Imagine we want to give out a drug, but since it is a strong drug, we don't want children or lightweight (under 30kg) respondents to take it. First, we can write a query to select the children and these light respondents:
```{python}
yao.query("age < 18 | weight_kg < 30")
```
Now to drop these individuals, we can negate the condition with `~`:
```{python}
yao.query("~ (age < 18 | weight_kg < 30)")
```
This could also be written as:
```{python}
yao.query("age >= 18 & weight_kg >= 30")
```
But sometimes negated conditions are easier to read.
::: {.callout-tip title="Practice"}
### Practice Q: Drop Smokers and drop those over 50
We want to avoid giving a drug to older individuals and smokers. From `yao`, drop respondents that are either above 50 or who are smokers. Use `~` to negate the conditions. Assign the result to a new DataFrame called `yao_dropped`. Your output should have 810 rows.
```{python}
# Your code here
```
:::
## `NaN` values
The relational operators introduced so far do not work with null values like `NaN`.
For example, the `is_pregnant` column contains (NA) values for men. To keep the rows with missing `is_pregnant` values, we could try writing:
```{python}
# |eval: false
yao.query("is_pregnant == NaN") # does not work
```
But this will not work. This is because `NaN` is a non-existent value. So the system cannot evaluate whether it is “equal to” or “not equal to” anything.
Instead, we can use the `isna()` method to select rows with missing values:
```{python}
yao.query("is_pregnant.isna()")
```
Or we can select rows that are not missing with `notna()`:
```{python}
yao.query("is_pregnant.notna()")
```
::: {.callout-tip title="Practice"}
### Practice Q: Keep Missing Smoking Status
From the `yao` dataset, keep all the respondents who had NA records for the report of their smoking status.
```{python}
# Your code here
```
:::
## Querying Based on String Patterns
Sometimes, we need to filter our data based on whether a string column contains a certain substring. This is particularly useful when dealing with multi-answer type variables, where responses may contain multiple values separated by delimiters. Let's explore this using the `occupation` column in our dataset.
First, let's take a look at the unique values in the `occupation` column:
```{python}
yao.occupation.value_counts().to_dict()
```
As we can see, some respondents have multiple occupations, separated by "--". To query based on string containment, we can use the `str.contains()` method within our `query()`.

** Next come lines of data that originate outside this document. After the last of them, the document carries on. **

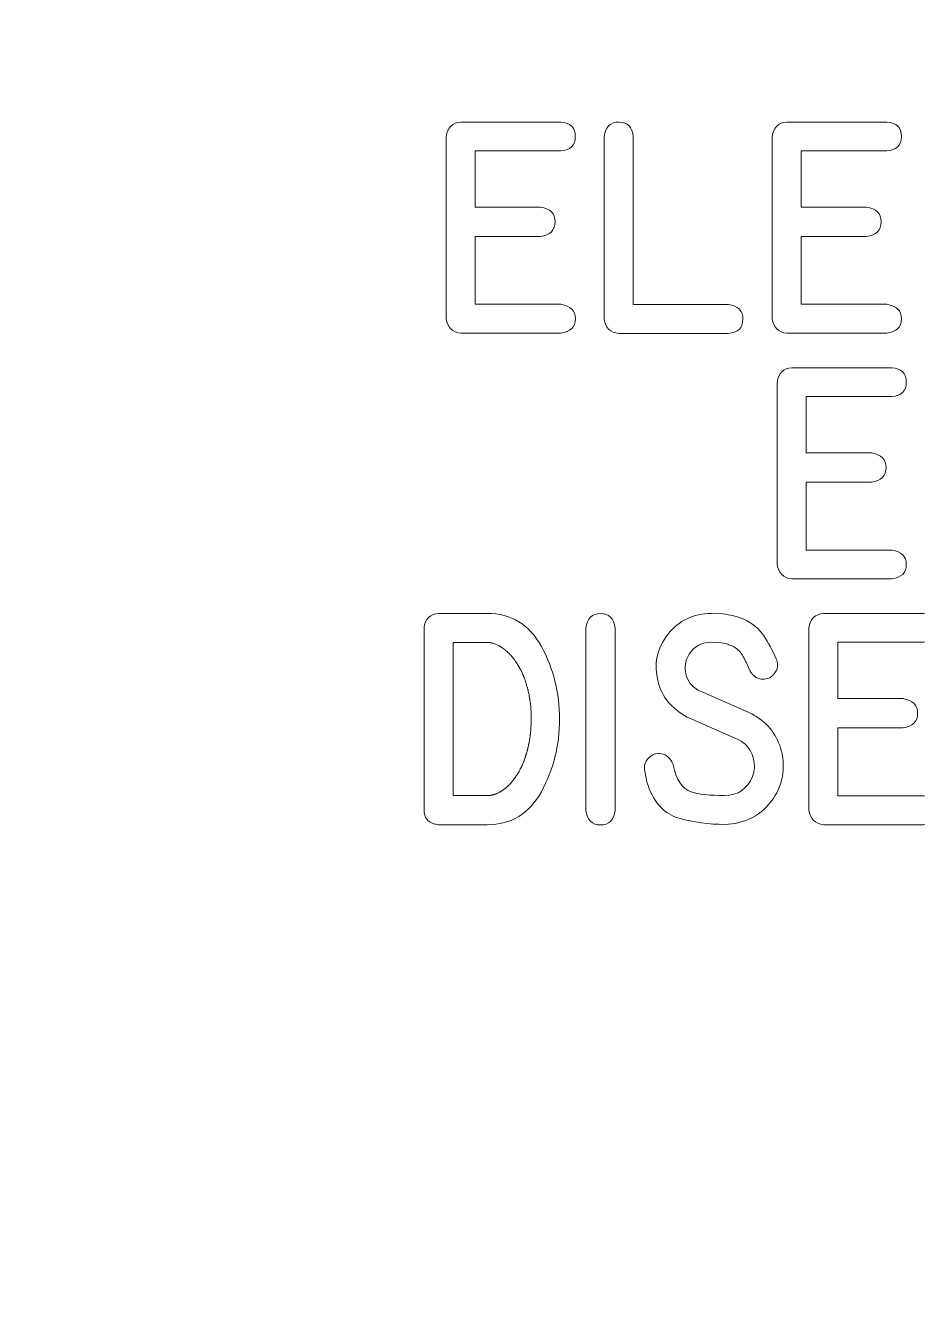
# Model space of a CAD drawing. Header units: millimetres. Extents: x -247 to 282, y -81 to 81.
# Drawn here: x -162.75 to -147.86, y -1.3 to 19.85 of the extents above; entities that cross this region are included whole.
import ezdxf

# ---------------------------------------------------------------- set-up
doc = ezdxf.new("R2010")
doc.units = ezdxf.units.MM
doc.header["$MEASUREMENT"] = 0
doc.layers.add('Engrave', color=7, linetype='Continuous')
doc.layers.add('Indicators', color=7, linetype='Continuous')

msp = doc.modelspace()

# ---------------------------------------------------------------- linework, layer by layer
at = {"layer": 'Engrave', "color": 240, "lineweight": 9}
for points, knots in [([(-153.8164, 17.7565), (-153.8164, 17.7565), (-155.2445, 17.7565), (-155.2445, 17.7565), (-155.2445, 17.7565), (-155.2445, 17.7565), (-155.2445, 16.8141), (-155.2445, 16.8141), (-155.2445, 16.8141), (-155.2445, 16.8141), (-154.1556, 16.8141), (-154.1556, 16.8141), (-154.1556, 16.8141), (-153.9928, 16.79), (-153.9116, 16.7082), (-153.9122, 16.5689), (-153.9122, 16.5689), (-153.9128, 16.429), (-153.9939, 16.3478), (-154.1556, 16.3249), (-154.1556, 16.3249), (-154.1556, 16.3249), (-155.2445, 16.3249), (-155.2445, 16.3249), (-155.2445, 16.3249), (-155.2445, 16.3249), (-155.2445, 15.1931), (-155.2445, 15.1931), (-155.2445, 15.1931), (-155.2445, 15.1931), (-153.8164, 15.1931), (-153.8164, 15.1931), (-153.8164, 15.1931), (-153.6547, 15.169), (-153.5736, 15.0884), (-153.5736, 14.9503), (-153.5736, 14.9503), (-153.5736, 14.8127), (-153.6547, 14.7321), (-153.8164, 14.7092), (-153.8164, 14.7092), (-153.8164, 14.7092), (-155.4838, 14.7092), (-155.4838, 14.7092), (-155.4838, 14.7092), (-155.6273, 14.7274), (-155.709, 14.8092), (-155.7284, 14.9538), (-155.7284, 14.9538), (-155.7284, 14.9538), (-155.7284, 17.9958), (-155.7284, 17.9958), (-155.7284, 17.9958), (-155.7066, 18.1475), (-155.6249, 18.2275), (-155.4838, 18.2369), (-155.4838, 18.2369), (-155.4838, 18.2369), (-153.8164, 18.2369), (-153.8164, 18.2369), (-153.8164, 18.2369), (-153.6547, 18.2246), (-153.5736, 18.1434), (-153.5742, 17.9947), (-153.5742, 17.9947), (-153.5747, 17.8459), (-153.6559, 17.7665), (-153.8164, 17.7565)], [0, 0, 0, 0, 0.0555556, 0.0555556, 0.0555556, 0.0555556, 0.1111111, 0.1111111, 0.1111111, 0.1111111, 0.1666667, 0.1666667, 0.1666667, 0.1666667, 0.2222222, 0.2222222, 0.2222222, 0.2222222, 0.2777778, 0.2777778, 0.2777778, 0.2777778, 0.3333333, 0.3333333, 0.3333333, 0.3333333, 0.3888889, 0.3888889, 0.3888889, 0.3888889, 0.4444444, 0.4444444, 0.4444444, 0.4444444, 0.5, 0.5, 0.5, 0.5, 0.5555556, 0.5555556, 0.5555556, 0.5555556, 0.6111111, 0.6111111, 0.6111111, 0.6111111, 0.6666667, 0.6666667, 0.6666667, 0.6666667, 0.7222222, 0.7222222, 0.7222222, 0.7222222, 0.7777778, 0.7777778, 0.7777778, 0.7777778, 0.8333333, 0.8333333, 0.8333333, 0.8333333, 0.8888889, 0.8888889, 0.8888889, 0.8888889, 1, 1, 1, 1]), ([(-152.8504, 14.7074), (-152.9915, 14.7168), (-153.0732, 14.7962), (-153.095, 14.9467), (-153.095, 14.9467), (-153.095, 14.9467), (-153.095, 17.9923), (-153.095, 17.9923), (-153.095, 17.9923), (-153.0709, 18.1575), (-152.9868, 18.2387), (-152.8434, 18.2363), (-152.8434, 18.2363), (-152.6999, 18.2334), (-152.6217, 18.1516), (-152.6094, 17.9923), (-152.6094, 17.9923), (-152.6094, 17.9923), (-152.6094, 15.1884), (-152.6094, 15.1884), (-152.6094, 15.1884), (-152.6094, 15.1884), (-151.0195, 15.1896), (-151.0195, 15.1896), (-151.0195, 15.1896), (-150.8561, 15.1713), (-150.7755, 15.089), (-150.7773, 14.9426), (-150.7773, 14.9426), (-150.7791, 14.7962), (-150.8602, 14.718), (-151.0213, 14.7074), (-151.0213, 14.7074), (-151.0213, 14.7074), (-152.8504, 14.7074), (-152.8504, 14.7074)], [0, 0, 0, 0, 0.1, 0.1, 0.1, 0.1, 0.2, 0.2, 0.2, 0.2, 0.3, 0.3, 0.3, 0.3, 0.4, 0.4, 0.4, 0.4, 0.5, 0.5, 0.5, 0.5, 0.6, 0.6, 0.6, 0.6, 0.7, 0.7, 0.7, 0.7, 0.8, 0.8, 0.8, 0.8, 1, 1, 1, 1]), ([(-148.3755, 17.7565), (-148.3755, 17.7565), (-149.8036, 17.7565), (-149.8036, 17.7565), (-149.8036, 17.7565), (-149.8036, 17.7565), (-149.8036, 16.8141), (-149.8036, 16.8141), (-149.8036, 16.8141), (-149.8036, 16.8141), (-148.7147, 16.8141), (-148.7147, 16.8141), (-148.7147, 16.8141), (-148.5519, 16.79), (-148.4707, 16.7082), (-148.4713, 16.5689), (-148.4713, 16.5689), (-148.4719, 16.429), (-148.553, 16.3478), (-148.7147, 16.3249), (-148.7147, 16.3249), (-148.7147, 16.3249), (-149.8036, 16.3249), (-149.8036, 16.3249), (-149.8036, 16.3249), (-149.8036, 16.3249), (-149.8036, 15.1931), (-149.8036, 15.1931), (-149.8036, 15.1931), (-149.8036, 15.1931), (-148.3755, 15.1931), (-148.3755, 15.1931), (-148.3755, 15.1931), (-148.2138, 15.169), (-148.1327, 15.0884), (-148.1327, 14.9503), (-148.1327, 14.9503), (-148.1327, 14.8127), (-148.2138, 14.7321), (-148.3755, 14.7092), (-148.3755, 14.7092), (-148.3755, 14.7092), (-150.0429, 14.7092), (-150.0429, 14.7092), (-150.0429, 14.7092), (-150.1864, 14.7274), (-150.2681, 14.8092), (-150.2875, 14.9538), (-150.2875, 14.9538), (-150.2875, 14.9538), (-150.2875, 17.9958), (-150.2875, 17.9958), (-150.2875, 17.9958), (-150.2657, 18.1475), (-150.184, 18.2275), (-150.0429, 18.2369), (-150.0429, 18.2369), (-150.0429, 18.2369), (-148.3755, 18.2369), (-148.3755, 18.2369), (-148.3755, 18.2369), (-148.2138, 18.2246), (-148.1327, 18.1434), (-148.1333, 17.9947), (-148.1333, 17.9947), (-148.1338, 17.8459), (-148.215, 17.7665), (-148.3755, 17.7565)], [0, 0, 0, 0, 0.0555556, 0.0555556, 0.0555556, 0.0555556, 0.1111111, 0.1111111, 0.1111111, 0.1111111, 0.1666667, 0.1666667, 0.1666667, 0.1666667, 0.2222222, 0.2222222, 0.2222222, 0.2222222, 0.2777778, 0.2777778, 0.2777778, 0.2777778, 0.3333333, 0.3333333, 0.3333333, 0.3333333, 0.3888889, 0.3888889, 0.3888889, 0.3888889, 0.4444444, 0.4444444, 0.4444444, 0.4444444, 0.5, 0.5, 0.5, 0.5, 0.5555556, 0.5555556, 0.5555556, 0.5555556, 0.6111111, 0.6111111, 0.6111111, 0.6111111, 0.6666667, 0.6666667, 0.6666667, 0.6666667, 0.7222222, 0.7222222, 0.7222222, 0.7222222, 0.7777778, 0.7777778, 0.7777778, 0.7777778, 0.8333333, 0.8333333, 0.8333333, 0.8333333, 0.8888889, 0.8888889, 0.8888889, 0.8888889, 1, 1, 1, 1]), ([(-148.2932, 13.6532), (-148.2932, 13.6532), (-149.7213, 13.6532), (-149.7213, 13.6532), (-149.7213, 13.6532), (-149.7213, 13.6532), (-149.7213, 12.7108), (-149.7213, 12.7108), (-149.7213, 12.7108), (-149.7213, 12.7108), (-148.6324, 12.7108), (-148.6324, 12.7108), (-148.6324, 12.7108), (-148.4696, 12.6867), (-148.3884, 12.6049), (-148.389, 12.4656), (-148.389, 12.4656), (-148.3896, 12.3257), (-148.4707, 12.2445), (-148.6324, 12.2216), (-148.6324, 12.2216), (-148.6324, 12.2216), (-149.7213, 12.2216), (-149.7213, 12.2216), (-149.7213, 12.2216), (-149.7213, 12.2216), (-149.7213, 11.0898), (-149.7213, 11.0898), (-149.7213, 11.0898), (-149.7213, 11.0898), (-148.2932, 11.0898), (-148.2932, 11.0898), (-148.2932, 11.0898), (-148.1315, 11.0657), (-148.0504, 10.9851), (-148.0504, 10.847), (-148.0504, 10.847), (-148.0504, 10.7094), (-148.1315, 10.6288), (-148.2932, 10.6059), (-148.2932, 10.6059), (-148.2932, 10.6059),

### Basic String Containment
To find all respondents who are students (either solely or in combination with other occupations), we can use:
```{python}
yao.query("occupation.str.contains('Student')")
```
This query will return all rows where the `occupation` column contains the word "Student", regardless of whether it's the only occupation or part of a multiple-occupation entry.
### Negating String Containment
To find respondents who are not students (i.e., their occupation does not contain "Student"), you can use the `~` operator:
```{python}
yao.query("~occupation.str.contains('Student')")
```
### Using `|` with string containment
To find respondents who are students or farmers, we can use:
```{python}
yao.query("occupation.str.contains('Student|Farmer')")
```
::: {.callout-tip title="Practice"}
### Practice Q: Symptoms
The symptoms column contains a list of symptoms that respondents reported.
Query `yao` to find respondents who reported "Cough" or "Fever" as symptoms. Your answer should have 219 rows.
```{python}
# Your code here
```
:::
## Wrap up
Great job! You've learned how to select specific columns and filter rows based on various conditions.
These skills allow you to focus on relevant data and create targeted subsets for analysis.
Next, we'll explore how to modify and transform your data, further expanding your data wrangling toolkit. See you in the next lesson!